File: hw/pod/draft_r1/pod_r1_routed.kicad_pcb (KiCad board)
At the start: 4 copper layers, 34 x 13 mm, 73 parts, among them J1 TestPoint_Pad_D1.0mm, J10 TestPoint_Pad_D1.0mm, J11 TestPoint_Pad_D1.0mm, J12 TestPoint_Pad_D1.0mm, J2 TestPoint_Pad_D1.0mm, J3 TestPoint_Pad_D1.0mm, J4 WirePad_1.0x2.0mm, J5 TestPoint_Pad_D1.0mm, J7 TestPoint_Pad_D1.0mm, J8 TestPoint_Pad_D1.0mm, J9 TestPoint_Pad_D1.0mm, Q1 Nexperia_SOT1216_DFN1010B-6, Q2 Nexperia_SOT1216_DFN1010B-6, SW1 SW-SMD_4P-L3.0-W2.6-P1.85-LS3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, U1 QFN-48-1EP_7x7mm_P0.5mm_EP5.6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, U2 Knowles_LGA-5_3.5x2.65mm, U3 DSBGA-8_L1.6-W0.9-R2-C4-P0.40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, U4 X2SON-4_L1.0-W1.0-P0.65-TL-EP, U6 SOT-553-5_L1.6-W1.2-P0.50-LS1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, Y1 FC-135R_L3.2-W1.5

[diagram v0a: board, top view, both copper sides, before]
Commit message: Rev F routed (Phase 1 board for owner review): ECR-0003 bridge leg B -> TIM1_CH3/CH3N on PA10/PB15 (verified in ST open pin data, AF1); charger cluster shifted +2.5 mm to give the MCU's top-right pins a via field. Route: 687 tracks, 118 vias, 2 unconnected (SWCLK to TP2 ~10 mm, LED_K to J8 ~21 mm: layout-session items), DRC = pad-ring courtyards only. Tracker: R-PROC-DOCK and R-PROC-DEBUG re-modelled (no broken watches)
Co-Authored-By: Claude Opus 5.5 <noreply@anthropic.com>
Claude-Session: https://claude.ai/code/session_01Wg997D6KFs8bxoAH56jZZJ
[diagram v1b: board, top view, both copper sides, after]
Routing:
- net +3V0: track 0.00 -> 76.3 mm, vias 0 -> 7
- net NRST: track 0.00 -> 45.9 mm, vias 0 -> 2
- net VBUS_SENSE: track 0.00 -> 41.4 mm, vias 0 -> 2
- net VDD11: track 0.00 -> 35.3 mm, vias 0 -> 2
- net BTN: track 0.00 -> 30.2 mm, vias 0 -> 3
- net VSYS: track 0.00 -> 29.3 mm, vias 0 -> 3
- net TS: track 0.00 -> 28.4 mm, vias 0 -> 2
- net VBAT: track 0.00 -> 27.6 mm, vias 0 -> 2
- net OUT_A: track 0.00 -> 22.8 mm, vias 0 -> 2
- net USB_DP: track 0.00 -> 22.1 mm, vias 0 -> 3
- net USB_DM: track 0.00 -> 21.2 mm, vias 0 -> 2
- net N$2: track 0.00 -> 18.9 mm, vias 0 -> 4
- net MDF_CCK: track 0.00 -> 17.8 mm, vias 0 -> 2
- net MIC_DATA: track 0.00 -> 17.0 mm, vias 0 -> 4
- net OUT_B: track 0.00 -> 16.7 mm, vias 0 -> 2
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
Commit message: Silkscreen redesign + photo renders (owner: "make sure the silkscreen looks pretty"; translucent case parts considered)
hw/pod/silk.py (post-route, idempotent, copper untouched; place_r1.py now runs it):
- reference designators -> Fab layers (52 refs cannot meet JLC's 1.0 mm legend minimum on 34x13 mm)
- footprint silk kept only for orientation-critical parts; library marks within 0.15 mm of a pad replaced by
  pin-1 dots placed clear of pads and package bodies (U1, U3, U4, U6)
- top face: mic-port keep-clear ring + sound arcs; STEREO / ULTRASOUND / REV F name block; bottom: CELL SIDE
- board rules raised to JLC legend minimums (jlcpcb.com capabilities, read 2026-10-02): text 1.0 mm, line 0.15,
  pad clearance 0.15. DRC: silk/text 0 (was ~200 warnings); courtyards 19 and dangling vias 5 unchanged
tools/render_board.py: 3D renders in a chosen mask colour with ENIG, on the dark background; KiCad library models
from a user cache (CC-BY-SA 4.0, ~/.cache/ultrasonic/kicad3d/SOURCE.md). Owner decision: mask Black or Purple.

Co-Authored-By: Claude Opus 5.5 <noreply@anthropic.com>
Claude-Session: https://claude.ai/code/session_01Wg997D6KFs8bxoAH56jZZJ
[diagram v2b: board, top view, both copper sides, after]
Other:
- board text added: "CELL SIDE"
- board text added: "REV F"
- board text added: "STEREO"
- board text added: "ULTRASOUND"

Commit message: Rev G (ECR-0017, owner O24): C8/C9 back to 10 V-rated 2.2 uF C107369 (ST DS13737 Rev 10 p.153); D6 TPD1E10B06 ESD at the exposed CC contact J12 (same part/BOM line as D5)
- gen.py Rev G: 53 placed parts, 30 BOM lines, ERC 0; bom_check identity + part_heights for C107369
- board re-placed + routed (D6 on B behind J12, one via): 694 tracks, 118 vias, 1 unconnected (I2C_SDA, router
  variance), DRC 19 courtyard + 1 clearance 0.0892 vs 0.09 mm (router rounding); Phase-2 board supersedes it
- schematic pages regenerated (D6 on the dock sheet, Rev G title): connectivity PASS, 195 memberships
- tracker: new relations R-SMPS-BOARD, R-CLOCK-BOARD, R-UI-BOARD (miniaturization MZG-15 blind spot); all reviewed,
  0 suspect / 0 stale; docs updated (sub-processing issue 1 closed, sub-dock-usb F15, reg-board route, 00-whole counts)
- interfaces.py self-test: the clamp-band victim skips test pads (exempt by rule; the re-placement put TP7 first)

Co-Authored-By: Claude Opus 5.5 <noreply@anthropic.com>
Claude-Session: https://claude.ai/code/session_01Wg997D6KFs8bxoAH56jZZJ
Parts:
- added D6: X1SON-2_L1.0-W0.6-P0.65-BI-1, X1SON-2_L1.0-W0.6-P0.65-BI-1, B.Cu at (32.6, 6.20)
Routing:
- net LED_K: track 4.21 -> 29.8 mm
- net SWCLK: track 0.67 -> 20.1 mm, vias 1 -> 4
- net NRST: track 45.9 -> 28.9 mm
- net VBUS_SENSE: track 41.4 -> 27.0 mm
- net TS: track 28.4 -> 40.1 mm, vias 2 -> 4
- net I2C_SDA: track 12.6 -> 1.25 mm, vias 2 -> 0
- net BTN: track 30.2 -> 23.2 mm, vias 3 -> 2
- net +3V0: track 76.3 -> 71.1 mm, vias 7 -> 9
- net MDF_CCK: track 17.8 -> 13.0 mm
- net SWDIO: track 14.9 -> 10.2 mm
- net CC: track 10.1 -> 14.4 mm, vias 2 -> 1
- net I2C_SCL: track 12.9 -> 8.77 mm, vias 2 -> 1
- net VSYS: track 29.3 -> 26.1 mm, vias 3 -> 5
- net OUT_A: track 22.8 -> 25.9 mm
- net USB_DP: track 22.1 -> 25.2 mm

============================================================

Show the lines from the data above that contain the string "mask".

• **Task answer**:
tools/render_board.py: 3D renders in a chosen mask colour with ENIG, on the dark background; KiCad library models
from a user cache (CC-BY-SA 4.0, ~/.cache/ultrasonic/kicad3d/SOURCE.md). Owner decision: mask Black or Purple.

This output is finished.